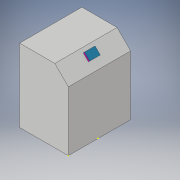
# Autodesk Inventor part: Ventilator
Saved by Autodesk Inventor 2019 (Build 230136000, 136)
## iProperties
Created: 2020-04-09
Part Number: Ventilator
Material: Generic
Document SubType Name: Modeling
Designer: MO_WIZZ
Density: 1 g/cm^3
Appearance: Default
Author: MO_WIZZ
Autodesk Inventor part; units mm, degrees
ref_plane "YZ Plane" through (0, 0, 0) normal (1, 0, 0) x (0, 1, 0)
ref_plane "XZ Plane" through (0, 0, 0) normal (0, 1, 0) x (-1, 0, 0)
ref_plane "XY Plane" through (0, 0, 0) normal (0, 0, 1) x (1, 0, 0)
sketch "Sketch1" plane through (0, 0, 0) normal (0, 1, 0) x (-1, 0, 0)
  line L0 (0, 0) -> (36, 0)
  line L1 (36, 0) -> (36, -46)
  line L2 (36, -46) -> (0, -46)
  line L3 (0, -46) -> (0, 0)
  dimension "d0" = 46
  dimension "d1" = 36
  constraints: 8 end point, 2 parallel, 1 horizontal, 1 perpendicular
  measures "d0" distance of L0.end L1.end
  measures "d1" distance of L1.end L2.end
extrude "Extrusion1" add sketch "Sketch1" along normal blind 54
chamfer "Chamfer1" distance 10 angle 45 1 edges at (0, 54, -23)
sketch "Sketch2" plane through (-36, 0, 0) normal (0, 0, 1) x (1, 0, 0)
  point P0 (36, 0)
sketch "Sketch3" plane through (-10, 54, -46) normal (0.7071, 0.7071, 0) x (-0.7071, 0.7071, 0)
  line L0 (-2.5891, 26.7922) -> (-8.0891, 26.7922)
  line L1 (-8.0891, 26.7922) -> (-8.0891, 18.7922)
  line L2 (-8.0891, 18.7922) -> (-2.5891, 18.7922)
  line L3 (-2.5891, 18.7922) -> (-2.5891, 26.7922)
  line L4 (-19.799, 46) -> (18.3848, 46) projected
  point P0 (-45.2548, 46)
  dimension "d7" = 8
  dimension "d8" = 5.5
  constraints: 8 end point, 2 parallel, 1 horizontal, 1 perpendicular
  measures "d7" distance of L2.end L0.start
  measures "d8" distance of L1.end L2.end
extrude "Extrusion2" add sketch "Sketch3" along normal blind 1
sketch "Sketch4" plane through (-10, 54, -46) normal (0.7071, 0.7071, 0) x (-0.7071, 0.7071, 0)
  point P0 (-45.2548, 46)
sketch "Sketch5" plane through (-36, 0, 0) normal (0, 0, 1) x (1, 0, 0)
  point P0 (36, 0)
body "Solid1"

# # # # #

• **Prompt**:
Please, from the entries above, set down exactly the lines from the one containing "Document SubType Name: Modeling" through the one containing "line L1 (36, 0) -> (36, -46)", and only those.

• **Result of this exercise**:
Document SubType Name: Modeling
Designer: MO_WIZZ
Density: 1 g/cm^3
Appearance: Default
Author: MO_WIZZ
Autodesk Inventor part; units mm, degrees
ref_plane "YZ Plane" through (0, 0, 0) normal (1, 0, 0) x (0, 1, 0)
ref_plane "XZ Plane" through (0, 0, 0) normal (0, 1, 0) x (-1, 0, 0)
ref_plane "XY Plane" through (0, 0, 0) normal (0, 0, 1) x (1, 0, 0)
sketch "Sketch1" plane through (0, 0, 0) normal (0, 1, 0) x (-1, 0, 0)
  line L0 (0, 0) -> (36, 0)
  line L1 (36, 0) -> (36, -46)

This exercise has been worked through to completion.